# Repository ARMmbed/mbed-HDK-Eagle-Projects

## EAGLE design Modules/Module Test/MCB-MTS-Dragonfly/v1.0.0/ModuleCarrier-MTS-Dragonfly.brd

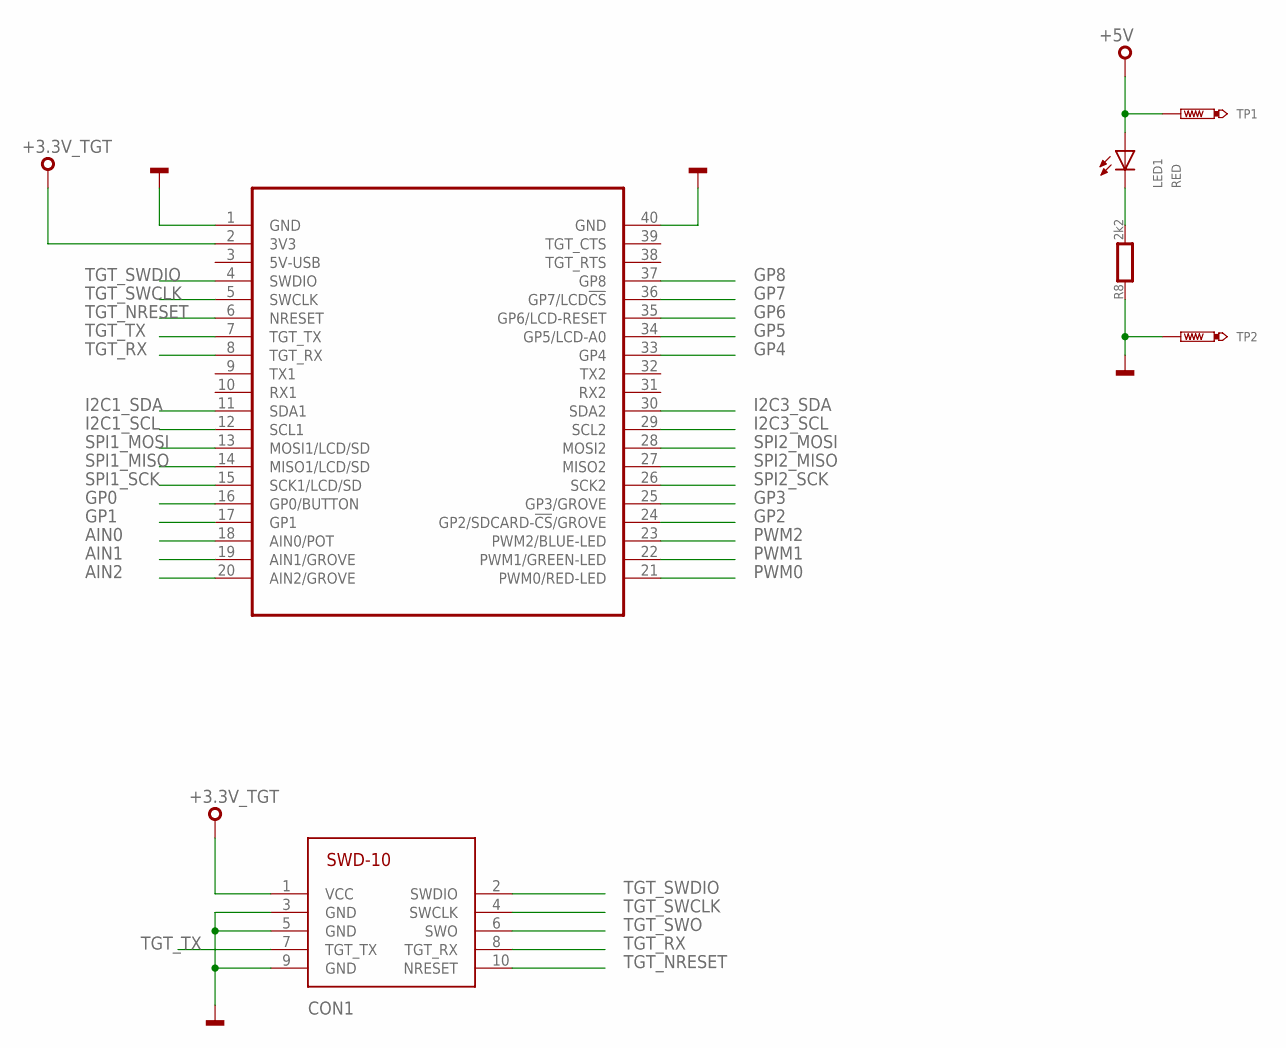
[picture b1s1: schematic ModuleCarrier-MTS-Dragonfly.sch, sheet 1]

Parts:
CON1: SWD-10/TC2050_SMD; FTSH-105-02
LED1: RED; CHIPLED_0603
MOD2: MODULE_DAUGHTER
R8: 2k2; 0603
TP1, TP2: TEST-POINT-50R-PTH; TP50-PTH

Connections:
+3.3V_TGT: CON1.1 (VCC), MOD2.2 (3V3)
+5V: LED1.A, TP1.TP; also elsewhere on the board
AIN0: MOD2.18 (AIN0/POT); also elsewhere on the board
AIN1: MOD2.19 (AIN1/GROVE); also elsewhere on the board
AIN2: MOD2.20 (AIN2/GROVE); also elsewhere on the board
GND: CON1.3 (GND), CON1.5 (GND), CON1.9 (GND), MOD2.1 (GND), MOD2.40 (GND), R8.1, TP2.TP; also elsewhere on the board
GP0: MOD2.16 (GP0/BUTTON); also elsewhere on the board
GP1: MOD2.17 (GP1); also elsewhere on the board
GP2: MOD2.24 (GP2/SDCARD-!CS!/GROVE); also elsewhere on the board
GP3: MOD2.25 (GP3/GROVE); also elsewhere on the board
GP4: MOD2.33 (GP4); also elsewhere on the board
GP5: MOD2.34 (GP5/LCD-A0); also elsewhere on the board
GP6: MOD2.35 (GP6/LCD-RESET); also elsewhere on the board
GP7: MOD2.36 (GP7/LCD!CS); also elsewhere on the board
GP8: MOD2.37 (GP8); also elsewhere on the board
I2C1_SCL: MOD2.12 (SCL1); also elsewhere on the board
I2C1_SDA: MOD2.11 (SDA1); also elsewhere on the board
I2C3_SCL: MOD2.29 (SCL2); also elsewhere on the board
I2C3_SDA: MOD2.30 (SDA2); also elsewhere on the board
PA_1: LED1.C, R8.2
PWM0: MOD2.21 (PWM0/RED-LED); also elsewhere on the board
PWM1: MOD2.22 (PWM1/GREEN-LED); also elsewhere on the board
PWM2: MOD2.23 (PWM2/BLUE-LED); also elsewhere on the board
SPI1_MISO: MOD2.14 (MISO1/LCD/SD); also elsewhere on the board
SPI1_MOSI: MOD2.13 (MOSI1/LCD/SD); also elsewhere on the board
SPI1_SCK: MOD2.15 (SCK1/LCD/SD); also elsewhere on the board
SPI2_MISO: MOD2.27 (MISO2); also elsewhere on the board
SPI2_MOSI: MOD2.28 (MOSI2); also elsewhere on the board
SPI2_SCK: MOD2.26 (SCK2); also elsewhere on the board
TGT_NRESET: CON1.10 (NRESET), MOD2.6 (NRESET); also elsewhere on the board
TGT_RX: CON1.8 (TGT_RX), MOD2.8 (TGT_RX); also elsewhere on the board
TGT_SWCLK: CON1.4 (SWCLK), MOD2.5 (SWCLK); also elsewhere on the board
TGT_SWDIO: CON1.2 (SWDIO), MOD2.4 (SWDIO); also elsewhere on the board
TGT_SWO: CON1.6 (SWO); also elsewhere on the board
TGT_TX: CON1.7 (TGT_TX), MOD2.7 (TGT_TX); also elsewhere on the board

■ What to produce:
All the lines above should be reproduced exactly, and none of the pictures.

■ Expected answer:
# Repository ARMmbed/mbed-HDK-Eagle-Projects

## EAGLE design Modules/Module Test/MCB-MTS-Dragonfly/v1.0.0/ModuleCarrier-MTS-Dragonfly.brd

[picture b1s1: schematic ModuleCarrier-MTS-Dragonfly.sch, sheet 1]

Parts:
CON1: SWD-10/TC2050_SMD; FTSH-105-02
LED1: RED; CHIPLED_0603
MOD2: MODULE_DAUGHTER
R8: 2k2; 0603
TP1, TP2: TEST-POINT-50R-PTH; TP50-PTH

Connections:
+3.3V_TGT: CON1.1 (VCC), MOD2.2 (3V3)
+5V: LED1.A, TP1.TP; also elsewhere on the board
AIN0: MOD2.18 (AIN0/POT); also elsewhere on the board
AIN1: MOD2.19 (AIN1/GROVE); also elsewhere on the board
AIN2: MOD2.20 (AIN2/GROVE); also elsewhere on the board
GND: CON1.3 (GND), CON1.5 (GND), CON1.9 (GND), MOD2.1 (GND), MOD2.40 (GND), R8.1, TP2.TP; also elsewhere on the board
GP0: MOD2.16 (GP0/BUTTON); also elsewhere on the board
GP1: MOD2.17 (GP1); also elsewhere on the board
GP2: MOD2.24 (GP2/SDCARD-!CS!/GROVE); also elsewhere on the board
GP3: MOD2.25 (GP3/GROVE); also elsewhere on the board
GP4: MOD2.33 (GP4); also elsewhere on the board
GP5: MOD2.34 (GP5/LCD-A0); also elsewhere on the board
GP6: MOD2.35 (GP6/LCD-RESET); also elsewhere on the board
GP7: MOD2.36 (GP7/LCD!CS); also elsewhere on the board
GP8: MOD2.37 (GP8); also elsewhere on the board
I2C1_SCL: MOD2.12 (SCL1); also elsewhere on the board
I2C1_SDA: MOD2.11 (SDA1); also elsewhere on the board
I2C3_SCL: MOD2.29 (SCL2); also elsewhere on the board
I2C3_SDA: MOD2.30 (SDA2); also elsewhere on the board
PA_1: LED1.C, R8.2
PWM0: MOD2.21 (PWM0/RED-LED); also elsewhere on the board
PWM1: MOD2.22 (PWM1/GREEN-LED); also elsewhere on the board
PWM2: MOD2.23 (PWM2/BLUE-LED); also elsewhere on the board
SPI1_MISO: MOD2.14 (MISO1/LCD/SD); also elsewhere on the board
SPI1_MOSI: MOD2.13 (MOSI1/LCD/SD); also elsewhere on the board
SPI1_SCK: MOD2.15 (SCK1/LCD/SD); also elsewhere on the board
SPI2_MISO: MOD2.27 (MISO2); also elsewhere on the board
SPI2_MOSI: MOD2.28 (MOSI2); also elsewhere on the board
SPI2_SCK: MOD2.26 (SCK2); also elsewhere on the board
TGT_NRESET: CON1.10 (NRESET), MOD2.6 (NRESET); also elsewhere on the board
TGT_RX: CON1.8 (TGT_RX), MOD2.8 (TGT_RX); also elsewhere on the board
TGT_SWCLK: CON1.4 (SWCLK), MOD2.5 (SWCLK); also elsewhere on the board
TGT_SWDIO: CON1.2 (SWDIO), MOD2.4 (SWDIO); also elsewhere on the board
TGT_SWO: CON1.6 (SWO); also elsewhere on the board
TGT_TX: CON1.7 (TGT_TX), MOD2.7 (TGT_TX); also elsewhere on the board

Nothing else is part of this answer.